(The input Opens)
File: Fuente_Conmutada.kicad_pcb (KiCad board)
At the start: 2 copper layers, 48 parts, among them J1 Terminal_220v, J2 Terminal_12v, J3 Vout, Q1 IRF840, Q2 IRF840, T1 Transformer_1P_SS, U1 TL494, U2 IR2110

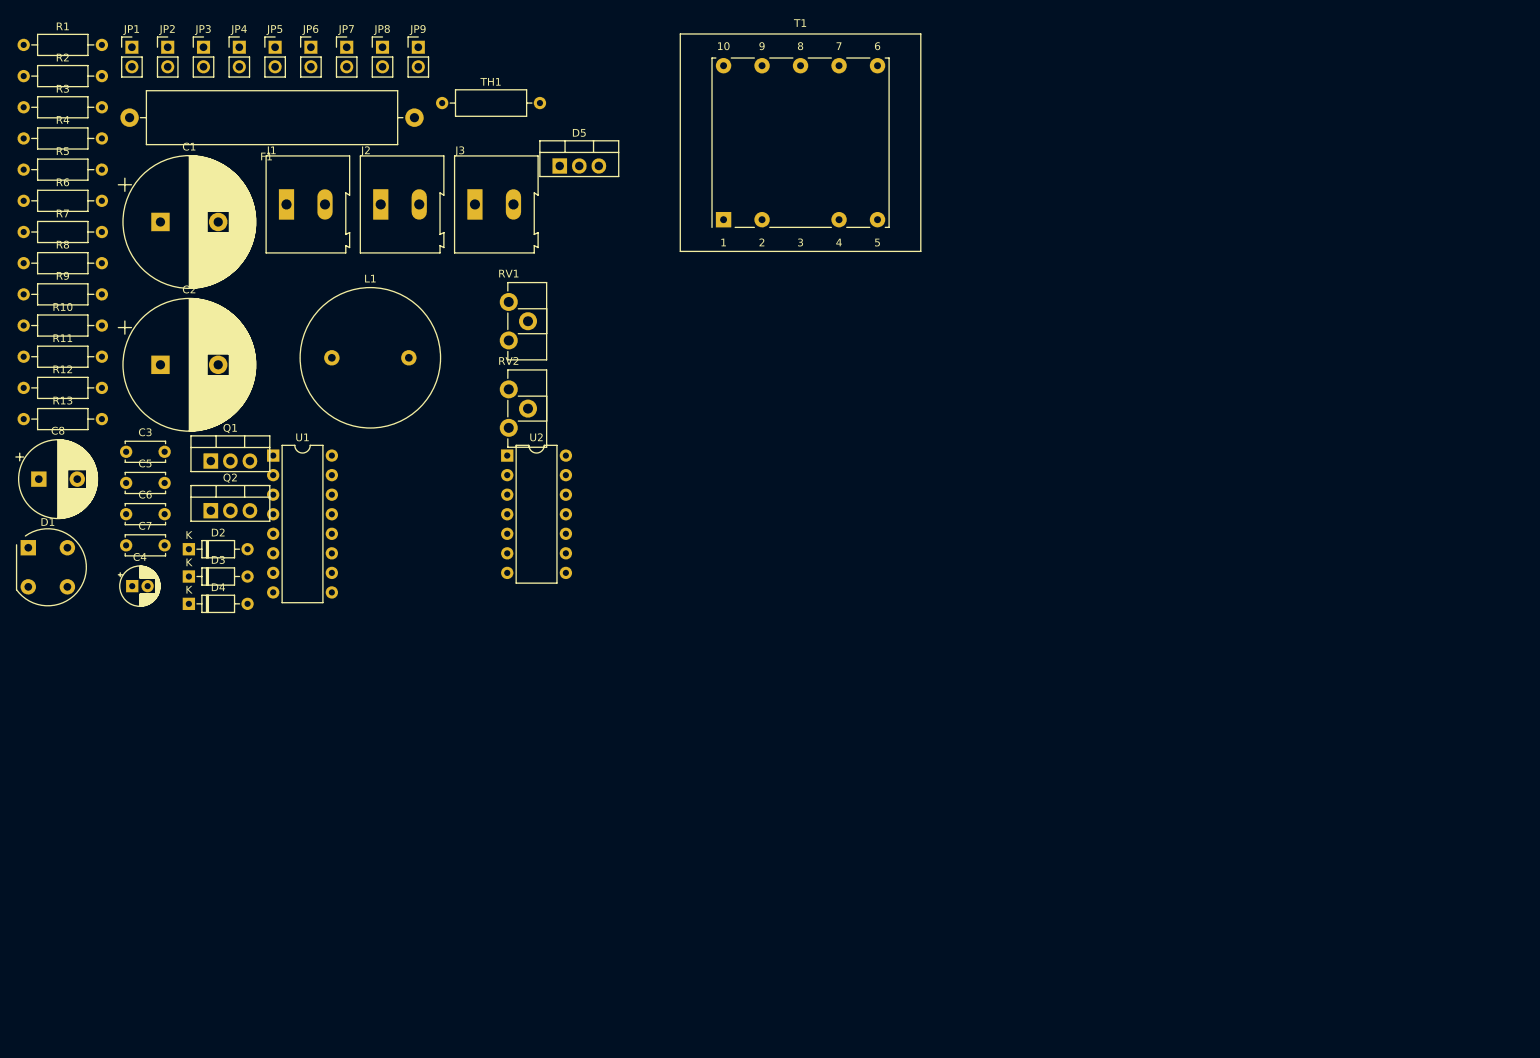
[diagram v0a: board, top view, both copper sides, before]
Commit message: Footprints correctos agregados
- Hice y puse el footprint del transformador
- Corregí algunos otros footprints como el del puente de diodos por el que tenemos realmente y el portafusible
- Actualicé los componentes eso en el editor de PCB y puse un cuadrado de 10x10cm donde se hace el PCB
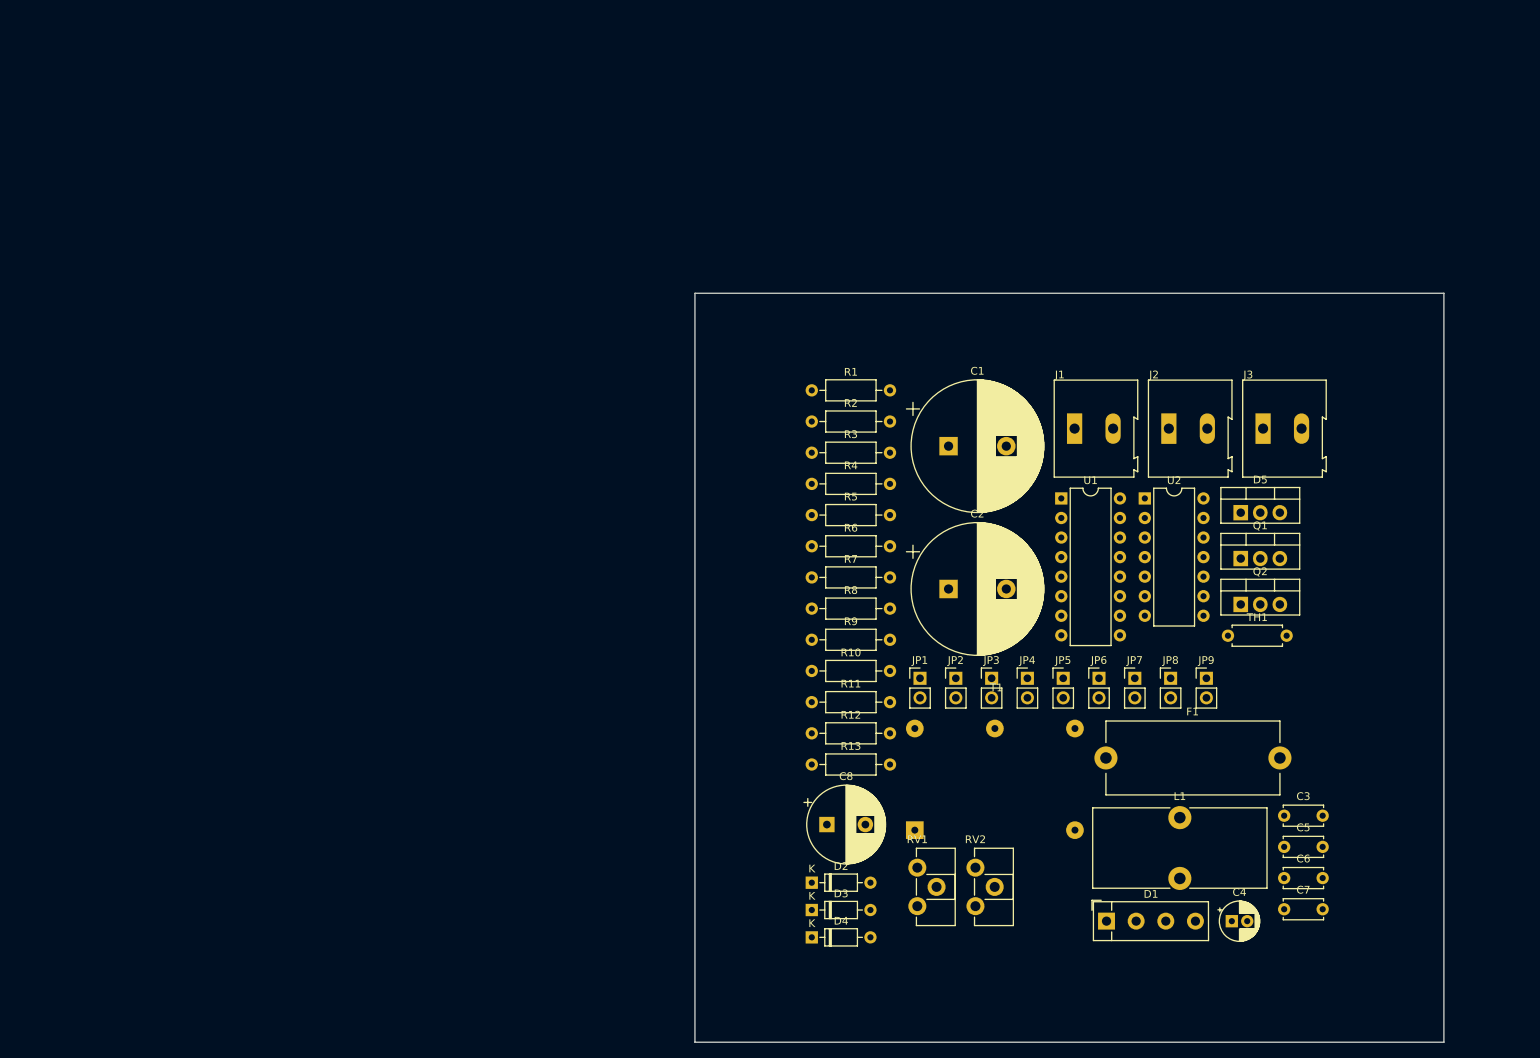
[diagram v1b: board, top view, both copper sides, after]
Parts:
- D1: footprint Diode_THT:Diode_Bridge_Round_D9.8mm -> Diode_THT:Diode_Bridge_Vishay_KBPM
- F1: footprint Fuse:Fuse_SunFuse-6HP -> Fuse:Fuseholder_Cylinder-5x20mm_Stelvio-Kontek_PTF78_Horizontal_Open
- L1: footprint Inductor_THT:L_Radial_D18.0mm_P10.00mm -> Inductor_THT:L_Toroid_Vertical_L22.4mm_W10.2mm_P7.90mm_Vishay_TJ4
- T1: footprint Transformer_THT:Transformer_Breve_TEZ-28x33 -> TransformerLib:Ferrite_Core_Trans
- TH1: footprint Resistor_THT:R_Axial_DIN0309_L9.0mm_D3.2mm_P12.70mm_Horizontal -> Resistor_THT:R_Axial_DIN0207_L6.3mm_D2.5mm_P7.62mm_Horizontal
- moved C3 157.7 mm to (182.2, 117.9)
- moved C6 157.7 mm to (182.2, 126.0)
- moved C7 157.7 mm to (182.2, 130.0)
- moved C5 157.7 mm to (182.2, 121.9)
- moved F1 151.7 mm to (159.0, 110.4)
- moved C4 149.3 mm to (175.4, 131.6)
- moved D1 148.2 mm to (159.1, 131.6)
- moved Q1 134.4 mm to (176.6, 84.5)
- moved Q2 134.3 mm to (176.6, 90.5)
- moved JP1 131.1 mm to (134.9, 100.0)
- moved JP2 131.1 mm to (139.5, 100.0)
- moved JP3 131.1 mm to (144.2, 100.0)
- moved JP4 131.1 mm to (148.8, 100.0)
- moved JP5 131.1 mm to (153.5, 100.0)
- moved JP6 131.1 mm to (158.1, 100.0)
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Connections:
- R1 pad 2: Net-(R1-Pad2) -> Net-(JP2-A)
- R2 pad 1: Net-(R1-Pad2) -> Net-(JP2-A)
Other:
- board outline added: 97.3 x 97.3 mm

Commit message: eq
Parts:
- removed JP9: Jumper, Connector_PinHeader_2.54mm:PinHeader_1x02_P2.54mm_Vertical
- L1: moved to B.Cu
- moved J2 91.0 mm to (86.6, 109.8), turned to 90 degrees
- moved R13 86.5 mm to (194.9, 66.5), turned to 180 degrees
- moved C8 80.2 mm to (202.7, 112.3), turned to 90 degrees
- moved D1 78.4 mm to (101.9, 78.1), turned to -90 degrees
- moved D3 76.0 mm to (175.9, 77.7), turned to 180 degrees
- moved F1 72.4 mm to (104.4, 62.9), turned to 180 degrees
- moved J1 70.7 mm to (86.6, 85.6), turned to 90 degrees
- moved D4 66.4 mm to (156.6, 77.7), turned to 180 degrees
- moved C6 66.2 mm to (198.9, 62.0), turned to 180 degrees
- moved C7 66.1 mm to (199.0, 66.2), turned to -90 degrees
- moved TH1 65.9 mm to (117.1, 62.9), turned to 180 degrees
- moved R12 65.4 mm to (177.2, 73.9), turned to 180 degrees
- moved U1 63.6 mm to (100.6, 112.4), turned to 90 degrees
- moved C5 63.1 mm to (123.3, 99.2)
- moved R9 62.1 mm to (177.2, 68.8), turned to 180 degrees
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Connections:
- net 1 renamed GND
- net Net-(J1-Pin_2) renamed VAC
- C4 pad 2: Net-(U2-VS) -> Vs
- C5 pad 2: Net-(U2-VS) -> Vs
- D3 pad 1: Net-(D3-K) -> HO
- D4 pad 1: Net-(D4-K) -> LO
- JP2 pad 2: Net-(JP2-B) -> /Punto_medio
- JP3 pad 2: unconnected-(JP3-B-Pad2) -> PWM1
- JP4 pad 2: unconnected-(JP4-B-Pad2) -> PWM2
- JP5 pad 2: unconnected-(JP5-B-Pad2) -> HO
- JP6 pad 2: unconnected-(JP6-B-Pad2) -> LO
- JP7 pad 1: Net-(JP2-B) -> Vs
- Q1 pad 3: Net-(JP2-B) -> Vs
- Q2 pad 2: Net-(JP2-B) -> Vs
- R10 pad 1: Net-(D4-K) -> LO
- R12 pad 1: Net-(D3-A) -> Vs
- R12 pad 2: Net-(JP2-B) -> Net-(D3-A)
- R13 pad 2: Net-(JP2-B) -> /Punto_medio
- R3 pad 1: Net-(U1-1IN-) -> Vref
- R5 pad 1: Net-(U1-1IN-) -> Vref
- R9 pad 1: Net-(D3-K) -> HO
- T1 pad 2: Net-(JP2-B) -> /Punto_medio
- T1 pad 3: Net-(JP9-A) -> Net-(D5-A2)
- U1 pad 13: unconnected-(U1-OUTCTRL-Pad13) -> Vref
- U1 pad 14: unconnected-(U1-REF-Pad14) -> Vref
- U1 pad 15: Net-(U1-1IN-) -> Vref
- U1 pad 2: Net-(U1-1IN-) -> Vref
- U2 pad 10: unconnected-(U2-HIN-Pad10) -> PWM1
- U2 pad 12: unconnected-(U2-LIN-Pad12) -> PWM2
- U2 pad 5: Net-(U2-VS) -> Vs
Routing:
- net GND: track 0.00 -> 388.6 mm, vias 0 -> 6
- net Vs: track 0.00 -> 140.7 mm, vias 0 -> 4
- net +12V: track 0.00 -> 112.6 mm
- net /Punto_medio: track 0.00 -> 65.7 mm, vias 0 -> 2
- net Net-(JP2-A): track 0.00 -> 56.5 mm
- net Net-(JP4-A): track 0.00 -> 53.3 mm
- net Net-(D1-+): track 0.00 -> 51.9 mm
- net HO: track 0.00 -> 51.9 mm
- net Net-(JP3-A): track 0.00 -> 50.8 mm
- net Net-(J3-Pin_1): track 0.00 -> 47.1 mm
- net Net-(JP1-B): track 0.00 -> 44.8 mm
- net 2: track 0.00 -> 44.7 mm
- net Net-(T1-AA): track 0.00 -> 43.5 mm
- net Vref: track 0.00 -> 41.4 mm
- net PWM1: track 0.00 -> 41.2 mm
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- added copper zone on B.Cu, net GND
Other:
- board size 97.3 x 97.3 mm -> 135 x 85 mm
- board text added: "150k"
- board text added: "R1"
- board text added: "R2"

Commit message: dawd
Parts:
- moved R4 3.03 mm to (120.1, 127.3)
- moved R8 3.03 mm to (140.4, 127.3)
- moved RV1 3.03 mm to (107.4, 127.3)
- moved C4 3.03 mm to (131.5, 97.0)
- moved C1 3.03 mm to (131.5, 85.2)
- moved C2 3.03 mm to (131.5, 64.9)
- moved C3 3.03 mm to (127.7, 117.7)
- moved C5 3.03 mm to (122.5, 96.3)
- moved C6 3.03 mm to (198.1, 59.1)
- moved C7 3.03 mm to (198.2, 63.3)
- moved C8 3.03 mm to (201.8, 109.4)
- moved D1 3.03 mm to (101.0, 75.2)
- moved D2 3.03 mm to (124.5, 99.3)
- moved D3 3.03 mm to (175.0, 74.8)
- moved D5 3.03 mm to (176.6, 123.7)
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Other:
- board text added: "${REFERENCE}"

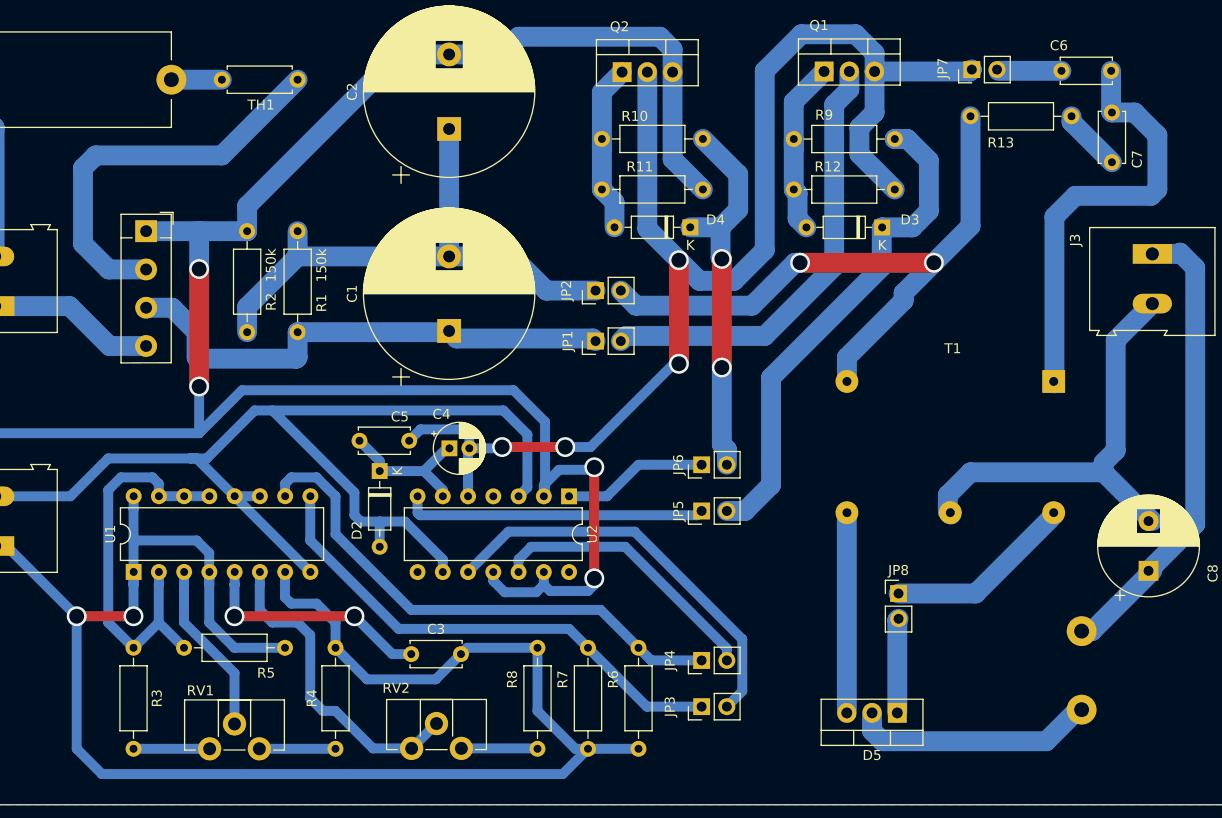
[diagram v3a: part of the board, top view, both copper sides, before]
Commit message: Pinout de puente, tamaño de pads y no mucho mas
-Cambié el pinout del puente por el que tenemos realmente
-Cambié el tamaño de todos los pads a mínimo 2mm
-Retoque en alguna que otra pista, casi nada

Ahora hay varios warnings, que son porque el silkscreen choca con algo, pero no pasa nada crítico con eso
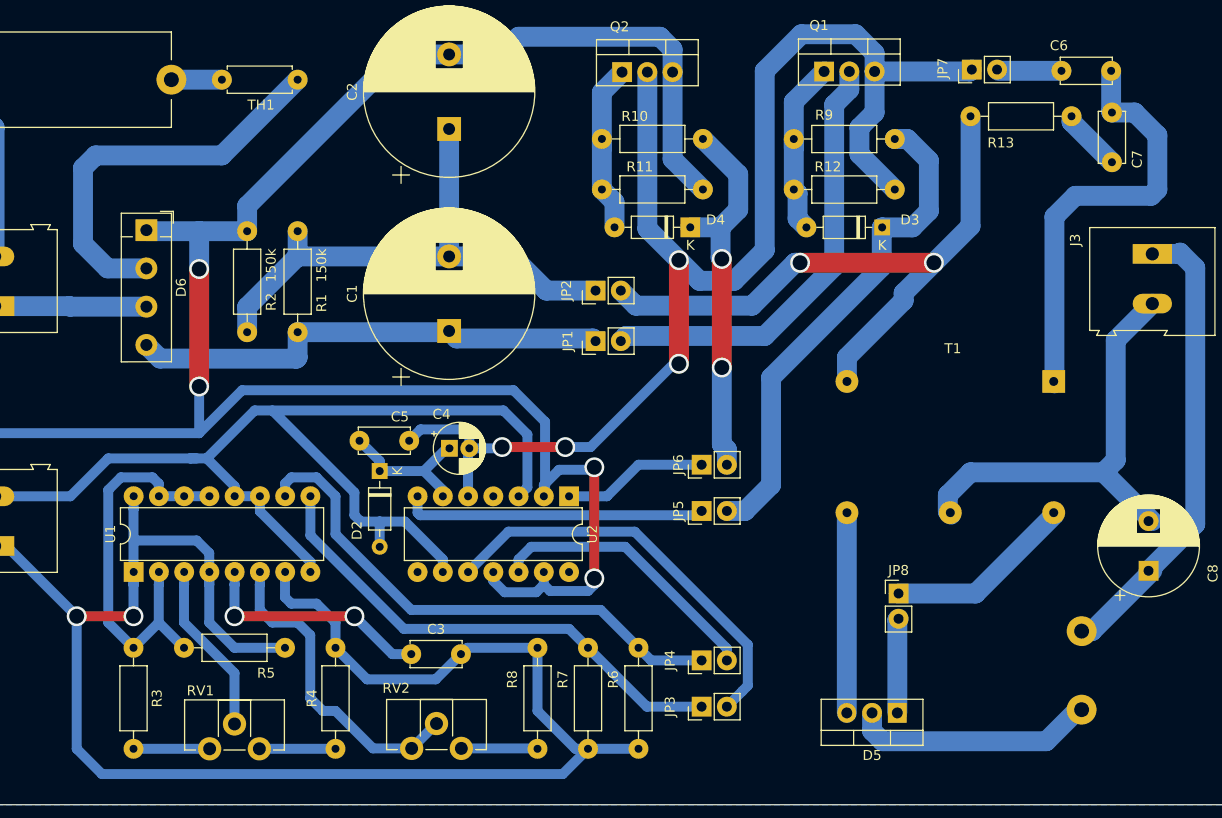
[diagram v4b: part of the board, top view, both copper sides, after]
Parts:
- removed D1: B80C2300-1500B, Diode_THT:Diode_Bridge_Vishay_KBPM
- added D6: B40C2300-1500A, Diode_THT:Diode_Bridge_Vishay_KBPM, F.Cu at (101.0, 75.1)
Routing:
- net Net-(D6-+): track 51.9 -> 48.8 mm
- net GND_AC: track 16.9 -> 15.3 mm
- net +12V: track 112.6 -> 111.1 mm
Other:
- board text removed: "${REFERENCE}"
(The input Closes)
Problem statement
Each line containing the word "both" must be pulled from the listing and copied.

Response to this exercise
[diagram v0a: board, top view, both copper sides, before]
[diagram v1b: board, top view, both copper sides, after]
[diagram v3a: part of the board, top view, both copper sides, before]
[diagram v4b: part of the board, top view, both copper sides, after]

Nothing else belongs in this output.